Ekonom Sebut Family Office Tidak Cocok di Indonesia, Ini Alasannya

Carlos Fajar
Carlos Fajar
Diperbarui 11 Juli 2024 14:09 WIB
Ilustrasi Tax Heaven (istimewa)
Ilustrasi Tax Heaven (istimewa)

Jakarta, MI - Sejumlah pakar ekonomi mengungkapkan konsep Family Office kurang cocok untuk diterapkan di Indonesia dengan melihat sejumlah kondisi saat ini.

Direktur Eksekutif Center of Economic and Law Studies (Celios) Bhima Yudhistira mengatakan family office tidak semudah itu masuk ke indonesia pasalnya belum memenuhi syarat. 

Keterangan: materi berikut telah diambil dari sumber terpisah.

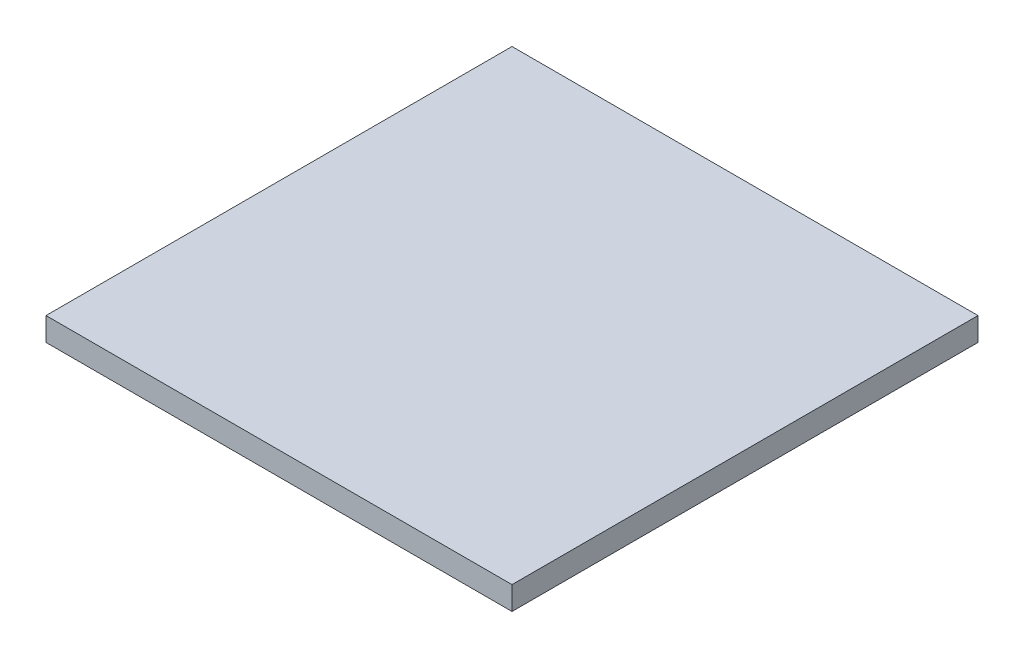
SolidWorks part; units mm, degrees
ref_plane "Спереди" through (0, 0, 0) normal (0, 0, 1) x (1, 0, 0)
ref_plane "Сверху" through (0, 0, 0) normal (0, 1, 0) x (1, 0, 0)
ref_plane "Справа" through (0, 0, 0) normal (1, 0, 0) x (0, 0, -1)
sketch "Эскиз1" plane through (0, 0, 0) normal (0, 1, 0) x (1, 0, 0)
  line L1 (-100, 100) -> (100, 100)
  line L2 (-100, 100) -> (-100, -100)
  line L3 (-100, -100) -> (100, -100)
  line L4 (100, 100) -> (100, -100)
  line L5 (-100, 100) -> (100, -100) construction
  line L6 (-100, -100) -> (100, 100) construction
  point P0 (0, 0)
  dimension "D1" = 200
extrude "Бобышка-Вытянуть1" add sketch "Эскиз1" along normal blind 10

"Pertama, kerahasiaan data dimana orang orang super kaya menempatkan dana ke negara yang mampu menjaga privasi data," ujar Bhima, Kamis (11/7/2024) ketika dikonfirmasi.

Apalagi kata dia kebocoran Pusat Data Nasional (PDN) beberapa waktu lalu menjadi perhatian publik.

"Masalahnya Indonesia baru baru ini mengalami kebocoran data yang cukup fatal baik pusat data pemerintah maupun bank syariah," kata dia.

Persoalan lainnya disebut Bhima adalah regulasi di Indonesia sering berubah ubah sehingga menjadi persoalan utama. 

"Bayangkan family office investasi jutaan dolar kemudian regulasi tidak pasti. Pastinya mereka kalkulasi untung rugi dari risiko hukum," tambahnya.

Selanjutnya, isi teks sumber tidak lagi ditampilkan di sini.